**EXERCISE BRIEF**
Return each line of the records holding the string "Mode".

[Entries taken from a collection]
+ + + + + + +
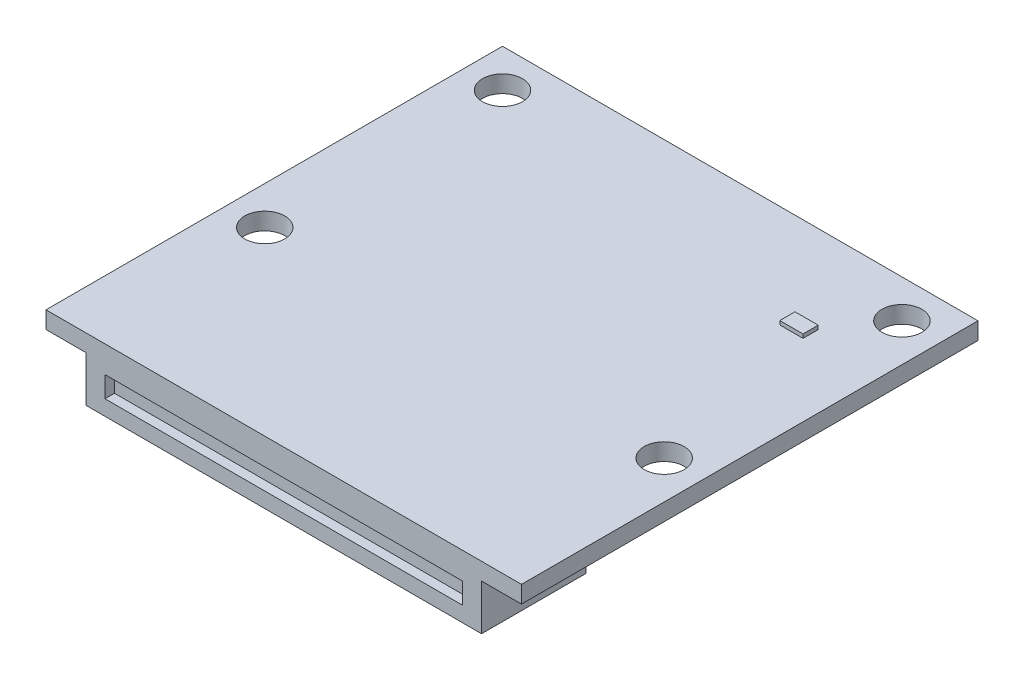
from build123d import *

# Parameters (mm, degrees)
SKIZZE1_W               = 25
SKIZZE1_H               = 24
PCB_DEPTH               = 0.9
SKIZZE2_R               = 1.05
MOUNTING_HOLES_DEPTH    = 1.9
SKIZZE3_W               = 20.8
SKIZZE3_H               = 5.5
CONNECTOR_CLOSED_DEPTH  = 2.4
ESQUISSE1_W             = 1.22
ESQUISSE1_H             = 0.8
STATUS_LED_DEPTH        = 0.2
ESQUISSE3_W             = 18.8
ESQUISSE3_H             = 1.1
ENL_V_MAT_EXTRU_1_DEPTH = 0.5


with BuildPart() as part:
    # Skizze1 → PCB (new body)
    with BuildSketch(Plane(origin=(0, 0, 0), x_dir=(1, 0, 0), z_dir=(0, 1, 0))):
        with Locations((0, 2.5)):
            Rectangle(SKIZZE1_W, SKIZZE1_H)
    extrude(amount=-PCB_DEPTH)

    # Skizze2 → Mounting_Holes (cut, through all)
    with BuildSketch(Plane(origin=(0, 0, 0), x_dir=(1, 0, 0), z_dir=(0, 1, 0))):
        with Locations((10.5, 12.5)):
            Circle(SKIZZE2_R)
        with Locations((10.5, 0)):
            Circle(SKIZZE2_R)
        with Locations((-10.5, 0)):
            Circle(SKIZZE2_R)
        with Locations((-10.5, 12.5)):
            Circle(SKIZZE2_R)
    extrude(amount=-MOUNTING_HOLES_DEPTH, mode=Mode.SUBTRACT)

    # Skizze3 → Connector_closed (add)
    with BuildSketch(Plane.XZ.offset(0.9)):
        with Locations((0, 6.75)):
            Rectangle(SKIZZE3_W, SKIZZE3_H)
    extrude(amount=CONNECTOR_CLOSED_DEPTH)

    # Esquisse1 → Status LED (add)
    with BuildSketch(Plane(origin=(0, 0, 0), x_dir=(1, 0, 0), z_dir=(0, 1, 0))):
        with Locations((8.09, 9.5)):
            Rectangle(ESQUISSE1_W, ESQUISSE1_H)
    extrude(amount=STATUS_LED_DEPTH)

    # Esquisse3 → Enlèv. mat.-Extru.1 (cut)
    with BuildSketch(Plane.XY.offset(9.5)):
        with Locations((0, -1.95)):
            Rectangle(ESQUISSE3_W, ESQUISSE3_H)
    extrude(amount=-ENL_V_MAT_EXTRU_1_DEPTH, mode=Mode.SUBTRACT)


solid = part.part
+ + + + + + +
**SOLUTION TO THE PROBLEM**
    extrude(amount=-MOUNTING_HOLES_DEPTH, mode=Mode.SUBTRACT)
    extrude(amount=-ENL_V_MAT_EXTRU_1_DEPTH, mode=Mode.SUBTRACT)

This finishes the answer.